Someone in Toronto Just Unearthed a 1970s Buying Guide and Directory

A Toronto salon owner shows a copy of a local shopping guide and directory from the 1970s.

The guide is a souvenir belonging to Jelena Karkinski, owner of D2E hair shop, which has been around since the 1970s themselves. It is listed in the directory as John and Mary’s Hair Salon.

The directory totally transports you straight to the 70s with bold graphics, swirling text, a green and brown color scheme, and sketchy illustrations. A map on the back shows the layout of the district and its shops.


“I actually kept the repertoire from when my parents had the living room. It’s been in my basement since 1987,” Karkinski told blogTO.

The guide describes Bloor West Village as “an area of ​​shopping delight” and “a colorful collection of fascinating shops”. It also says it’s “a reminder” that “all your shopping needs can be met here.” A reminder that we may need more than ever.

While you’d expect that in a city like Toronto, where it feels like businesses are closing left and right, just about every place listed would be long gone, there are a surprising number of places that have remained in place for 50 years.

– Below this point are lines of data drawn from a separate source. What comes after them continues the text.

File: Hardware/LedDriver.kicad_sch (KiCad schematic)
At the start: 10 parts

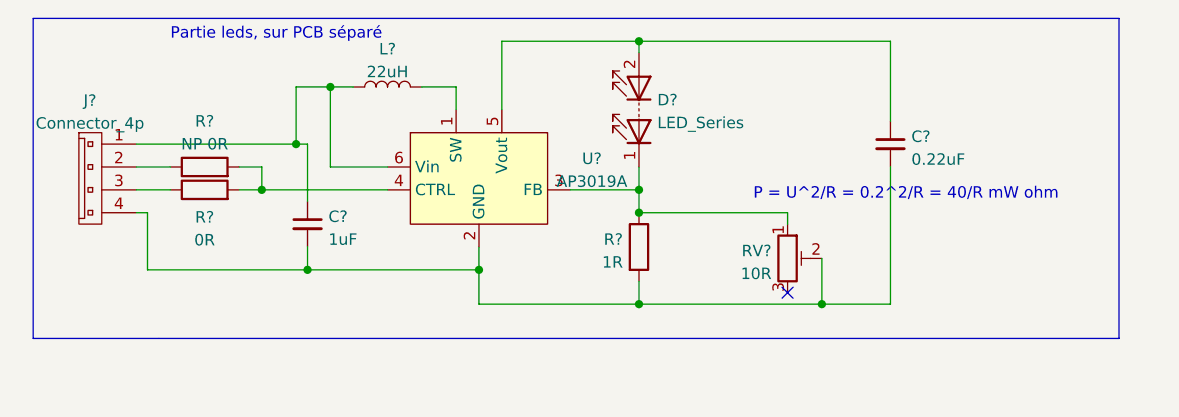
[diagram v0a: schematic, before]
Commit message: pcb led driver
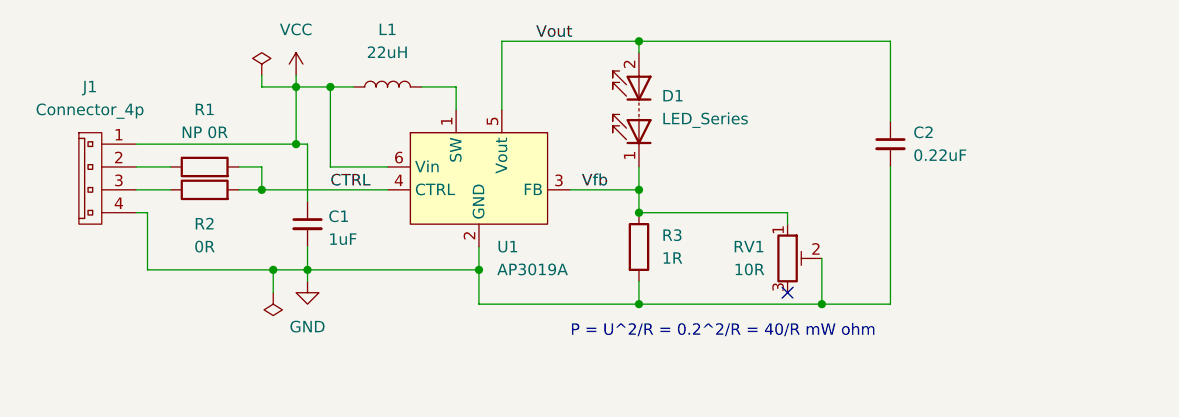
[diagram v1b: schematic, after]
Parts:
- C1, C2: renamed from C?; footprint (none) -> 0ESNLib:C_0805_2012Metric_Pad1.18x1.45mm_HandSolder
- D1: renamed from D?; footprint (none) -> 0ESNLib:D_0603_1608Metric_Pad1.05x0.95mm_HandSolder
- L1: renamed from L?; footprint (none) -> 0ESNLib:sumida_CDRH_inductor
- R1, R2, R3: renamed from R?; footprint (none) -> Resistor_SMD:R_0805_2012Metric_Pad1.20x1.40mm_HandSolder
- U1: renamed from U?; footprint (none) -> Package_TO_SOT_SMD:TSOT-23-6_HandSoldering
- gave numbers to parts that had none: 2
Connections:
- net Vfb: now reaches D1.1 (K), R3.1, RV1.1, U1.3 (FB)
- net GND: now reaches C1.2, C2.2, J1.4 (P4), R3.2, RV1.2, U1.2 (GND)
- net CTRL: now reaches R1.2, R2.2, U1.4 (CTRL)
- net Vout: now reaches C2.1, D1.2 (A), U1.5 (Vout)
- net VCC: now reaches C1.1, J1.1 (P1), L1.1, U1.6 (Vin)
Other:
- note removed: "Partie leds, sur PCB séparé"

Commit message: edited libraries
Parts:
- J1: value Connector_4p -> Led connector; footprint 0ESN_Lib:Connector_2p_m -> 0ESN_Lib:Connector_4p_m
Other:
- note added: "EN"
- note added: "GND"
- note added: "PWM"
- note added: "Vbat"
- moved on the sheet: C1, C2, D1, L1, R1, R2, R3, RV1, U1

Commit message: led driver schematic done
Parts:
- C1, C2: footprint 0ESNLib:C_0805_2012Metric_Pad1.18x1.45mm_HandSolder -> 0ESN_Lib:C_0805_2012Metric_Pad1.18x1.45mm_HandSolder
- D1: footprint 0ESNLib:D_0603_1608Metric_Pad1.05x0.95mm_HandSolder -> 0ESN_Lib:C_0805_2012Metric_Pad1.18x1.45mm_HandSolder
- L1: footprint 0ESNLib:sumida_CDRH_inductor -> 0ESN_Lib:sumida_CDRH_inductor
- RV1: footprint (none) -> 0ESN_Lib:Bourns_3362p_trimpot
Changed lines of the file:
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@@
       (effects (font (size 1.27 1.27)) (justify right))
     )
-    (property "Footprint" "" (id 2) (at 182.88 107.95 0)
+    (property "Footprint" "0ESN_Lib:Bourns_3362p_trimpot" (id 2) (at 182.88 107.95 0)
       (effects (font (size 1.27 1.27)) hide)
     )
@@
     (property "Reference" "L1" (id 0) (at 139.7 83.82 90))
     (property "Value" "22uH" (id 1) (at 139.7 86.36 90))
-    (property "Footprint" "0ESNLib:sumida_CDRH_inductor" (id 2) (at 139.7 90.17 0)
+    (property "Footprint" "0ESN_Lib:sumida_CDRH_inductor" (id 2) (at 139.7 90.17 0)
       (effects (font (size 1.27 1.27)) hide)
     )
@@
       (effects (font (size 1.27 1.27)) (justify right))
     )
-    (property "Footprint" "0ESNLib:D_0603_1608Metric_Pad1.05x0.95mm_HandSolder" (id 2) (at 166.37 95.25 0)
+    (property "Footprint" "0ESN_Lib:C_0805_2012Metric_Pad1.18x1.45mm_HandSolder" (id 2) (at 166.37 95.25 0)
       (effects (font (size 1.27 1.27)) hide)
     )
@@
       (effects (font (size 1.27 1.27)) (justify left))
     )
-    (property "Footprint" "0ESNLib:C_0805_2012Metric_Pad1.18x1.45mm_HandSolder" (id 2) (at 129.54 105.41 0)
+    (property "Footprint" "0ESN_Lib:C_0805_2012Metric_Pad1.18x1.45mm_HandSolder" (id 2) (at 129.54 105.41 0)
       (effects (font (size 1.27 1.27)) hide)
     )
@@
       (effects (font (size 1.27 1.27)) (justify left))
     )
-    (property "Footprint" "0ESNLib:C_0805_2012Metric_Pad1.18x1.45mm_HandSolder" (id 2) (at 194.31 100.33 0)
+    (property "Footprint" "0ESN_Lib:C_0805_2012Metric_Pad1.18x1.45mm_HandSolder" (id 2) (at 194.31 100.33 0)
       (effects (font (size 1.27 1.27)) hide)
     )
@@
     )
     (path "/be7fe3ef-4c8c-4441-a8b1-9f6c4a556dbd"
-      (reference "C1") (unit 1) (value "1uF") (footprint "0ESNLib:C_0805_2012Metric_Pad1.18x1.45mm_HandSolder")
+      (reference "C1") (unit 1) (value "1uF") (footprint "0ESN_Lib:C_0805_2012Metric_Pad1.18x1.45mm_HandSolder")
     )
     (path "/cabd8106-febf-4c1c-a427-4a77d8f3282a"
-      (reference "C2") (unit 1) (value "0.22uF") (footprint "0ESNLib:C_0805_2012Metric_Pad1.18x1.45mm_HandSolder")
+      (reference "C2") (unit 1) (value "0.22uF") (footprint "0ESN_Lib:C_0805_2012Metric_Pad1.18x1.45mm_HandSolder")
     )
     (path "/b9fa4c1e-5267-4696-a1ce-f87e6baeeb29"
-      (reference "D1") (unit 1) (value "LED_Series") (footprint "0ESNLib:D_0603_1608Metric_Pad1.05x0.95mm_HandSolder")
+      (reference "D1") (unit 1) (value "LED_Series") (footprint "0ESN_Lib:C_0805_2012Metric_Pad1.18x1.45mm_HandSolder")
     )
     (path "/e4ceb904-3dd0-416a-906e-cac55e2455db"
@@
     )
     (path "/9c08c45f-ba32-4b2b-8fe9-de49dcdc4262"
-      (reference "L1") (unit 1) (value "22uH") (footprint "0ESNLib:sumida_CDRH_inductor")
+      (reference "L1") (unit 1) (value "22uH") (footprint "0ESN_Lib:sumida_CDRH_inductor")
     )
     (path "/a5b92ca1-98a4-4608-b742-8ab56d6b3726"
@@
     )
     (path "/0229117d-4c4e-4f89-956e-fd71503672e7"
-      (reference "RV1") (unit 1) (value "10R") (footprint "")
+      (reference "RV1") (unit 1) (value "10R") (footprint "0ESN_Lib:Bourns_3362p_trimpot")
     )
     (path "/17354649-0d95-44b1-afcb-6c3c12f701a5"

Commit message: led driver pcb complete
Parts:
- D1: footprint 0ESN_Lib:C_0805_2012Metric_Pad1.18x1.45mm_HandSolder -> 0ESN_Lib:Wire_2x2; symbol Device:LED_Series -> 0ESN_Lib:LED_Series
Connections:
- net Vfb: now also D1.2 (K); no longer D1.1 (K)
- net Vout: now also D1.1 (A); no longer D1.2 (A)
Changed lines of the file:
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@@
     (pin "1")
   )
-  (symbol (lib_id "Device:LED_Series") (at 166.37 92.71 90) (unit 1)
+  (symbol (lib_id "0ESN_Lib:LED_Series") (at 166.37 92.71 90) (unit 1)
     (in_bom yes) (on_board yes) (fields_autoplaced)
     (property "Reference" "D1" (id 0) (at 168.91 91.1859 90)
@@
       (effects (font (size 1.27 1.27)) (justify right))
     )
-    (property "Footprint" "0ESN_Lib:C_0805_2012Metric_Pad1.18x1.45mm_HandSolder" (id 2) (at 166.37 95.25 0)
+    (property "Footprint" "0ESN_Lib:Wire_2x2" (id 2) (at 166.37 95.25 0)
       (effects (font (size 1.27 1.27)) hide)
     )
@@
     )
     (path "/b9fa4c1e-5267-4696-a1ce-f87e6baeeb29"
-      (reference "D1") (unit 1) (value "LED_Series") (footprint "0ESN_Lib:C_0805_2012Metric_Pad1.18x1.45mm_HandSolder")
+      (reference "D1") (unit 1) (value "LED_Series") (footprint "0ESN_Lib:Wire_2x2")
     )
     (path "/e4ceb904-3dd0-416a-906e-cac55e2455db"

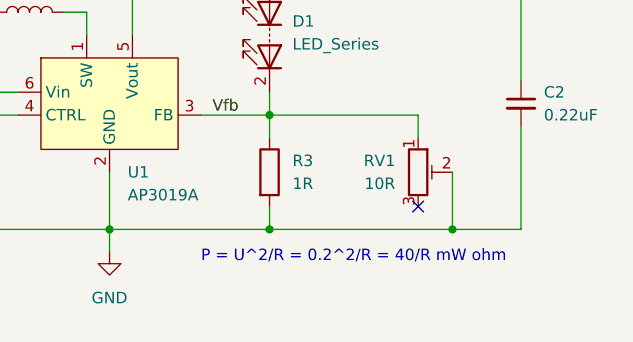
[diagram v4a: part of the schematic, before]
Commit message: schematic update
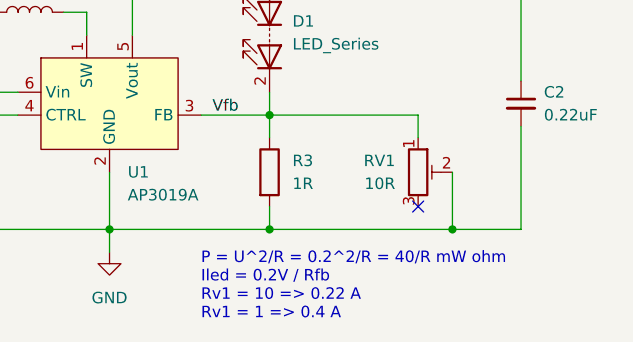
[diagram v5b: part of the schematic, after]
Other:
- note added: "P = U^2/R = 0.2^2/R = 40/R mW ohm Iled = 0.2V / Rfb Rv1 = 10 => 0.22 A Rv1 = 1 => 0.4 A"
- note removed: "P = U^2/R = 0.2^2/R = 40/R mW ohm"
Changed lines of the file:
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@@
     (effects (font (size 1.27 1.27)) (justify right bottom))
   )
-  (text "P = U^2/R = 0.2^2/R = 40/R mW ohm" (at 158.75 118.11 0)
+  (text "P = U^2/R = 0.2^2/R = 40/R mW ohm\nIled = 0.2V / Rfb\nRv1 = 10 => 0.22 A\nRv1 = 1 => 0.4 A"
+    (at 158.75 124.46 0)
     (effects (font (size 1.27 1.27)) (justify left bottom))
   )

Runnymede Barber Shop⁠, Sam’s Barber Shop, Sorrento Hair Stylists, Cecil Ward Men’s Shop⁠, Carload Food Market, Bloor Meat Market, Foods For Life, Kingsway Meat Products, Brown’s Sports & Cycle, The Village Playhouse⁠, Ukrainian Credit Union⁠ and Turner & Porter⁠ all stayed put.

There are also plenty of delicious defunct businesses listed, including those with original classic ’70s names like Jo Jo Junior Fashions, Impact Today, Easy Look and Martha’s House of Needlepoint.

Perhaps the most intriguing thing you can get from searching the directory, however, is how few major chain stores are there.

“By browsing through the directory, you can see how many stores have changed and how it’s no longer mom and pop stores,” Karkinski says.